# AMHR/ASPC Director Elections



## dinno28 (Oct 4, 2008)

Does anyone know the results of the area elections? I believe they were being held today.


----------



## Irish Hills Farm (Oct 5, 2008)

Isn't the Area 2 meeting being held today?


----------



## Karen S (Oct 6, 2008)

HI All,

The word I got was this:

Area 1: Wm (Bill) Eperthener re-elected no one ran against him

Area 2: Marvin McCabe was incumbent, Thomas (Bud) Stephenson ran and won

Area 3: Alicia Slocumb was incumbent, Gerry Morris and Dr. Mary Wahl were running for the seat, Dr.
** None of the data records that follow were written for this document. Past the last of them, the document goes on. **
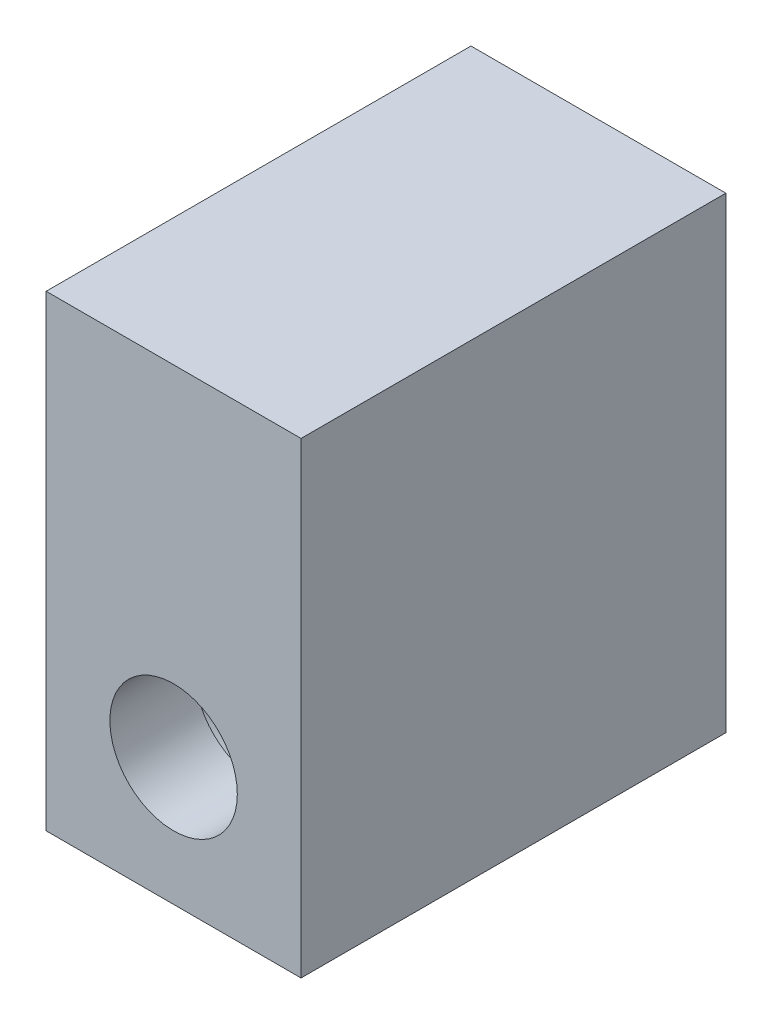
from build123d import *

# Parameters (mm, degrees)
SKETCH1_W           = 50
SKETCH1_H           = 70
BOSS_EXTRUDE1_DEPTH = 10
SKETCH2_R           = 7.5
CUT_EXTRUDE1_DEPTH  = 10
SKETCH3_W           = 50
SKETCH3_H           = 70
BOSS_EXTRUDE2_DEPTH = 40
SKETCH4_R           = 10.5
CUT_EXTRUDE3_DEPTH  = 40
SKETCH5_W           = 10
SKETCH5_H           = 70
CUT_EXTRUDE4_DEPTH  = 50
SKETCH6_R           = 6
CUT_EXTRUDE5_DEPTH  = 20
SKETCH7_W           = 50
SKETCH7_H           = 15
CUT_EXTRUDE6_DEPTH  = 30


with BuildPart() as part:
    # Sketch1 → Boss-Extrude1 (new body)
    with BuildSketch(Plane.XY):
        with Locations((-25, 35)):
            Rectangle(SKETCH1_W, SKETCH1_H)
    extrude(amount=BOSS_EXTRUDE1_DEPTH)

    # Sketch2 → Cut-Extrude1 (cut)
    with BuildSketch(Plane.XY.offset(10)):
        with Locations((-25, 15)):
            Circle(SKETCH2_R)
    extrude(amount=-CUT_EXTRUDE1_DEPTH, mode=Mode.SUBTRACT)

    # Sketch3 → Boss-Extrude2 (add)
    with BuildSketch(Plane(origin=(0, 0, 0), x_dir=(-1, 0, 0), z_dir=(0, 0, -1))):
        with Locations((25, 35)):
            Rectangle(SKETCH3_W, SKETCH3_H)
    extrude(amount=BOSS_EXTRUDE2_DEPTH)

    # Sketch4 → Cut-Extrude3 (cut)
    with BuildSketch(Plane(origin=(0, 0, -40), x_dir=(-1, 0, 0), z_dir=(0, 0, -1))):
        with Locations((25, 15)):
            Circle(SKETCH4_R)
    extrude(amount=-CUT_EXTRUDE3_DEPTH, mode=Mode.SUBTRACT)

    # Sketch5 → Cut-Extrude4 (cut)
    with BuildSketch(Plane(origin=(0, 0, -40), x_dir=(-1, 0, 0), z_dir=(0, 0, -1))):
        with Locations((5, 35)):
            Rectangle(SKETCH5_W, SKETCH5_H)
        with Locations((45, 35)):
            Rectangle(SKETCH5_W, SKETCH5_H)
    extrude(amount=-CUT_EXTRUDE4_DEPTH, mode=Mode.SUBTRACT)

    # Sketch6 → Cut-Extrude5 (cut)
    with BuildSketch(Plane.ZY.offset(40)):
        with Locations(Location((-27.5, 40, 0), (0, 0, 270))):
            Circle(SKETCH6_R)
        with Locations(Location((-2.5, 40, 0), (0, 0, 270))):
            Circle(SKETCH6_R)
    extrude(amount=-CUT_EXTRUDE5_DEPTH, mode=Mode.SUBTRACT)

    # Sketch7 → Cut-Extrude6 (cut)
    with BuildSketch(Plane.ZY.offset(40)):
        with Locations((-15, 62.5)):
            Rectangle(SKETCH7_W, SKETCH7_H)
    extrude(amount=-CUT_EXTRUDE6_DEPTH, mode=Mode.SUBTRACT)


solid = part.part

Mary Wahl from Tennessee won

Area 5: Larry Parnell re-elected no one ran against him

Area 6: Ray Kovarik was incumbent, Lewella Tembreull was the winner

Area 8: Erica Carlson was re-elected no one ran against her.

Don't have my Journal to see if anyone from Area 4 or Area 7 had a seat up this year

Karen


----------



## mendocinobackofbeyond (Oct 6, 2008)

Hi Karen: FYI -- Area VII did not have an election this year. Think we do next year. Thanks for the results. Ta, Shirlee


----------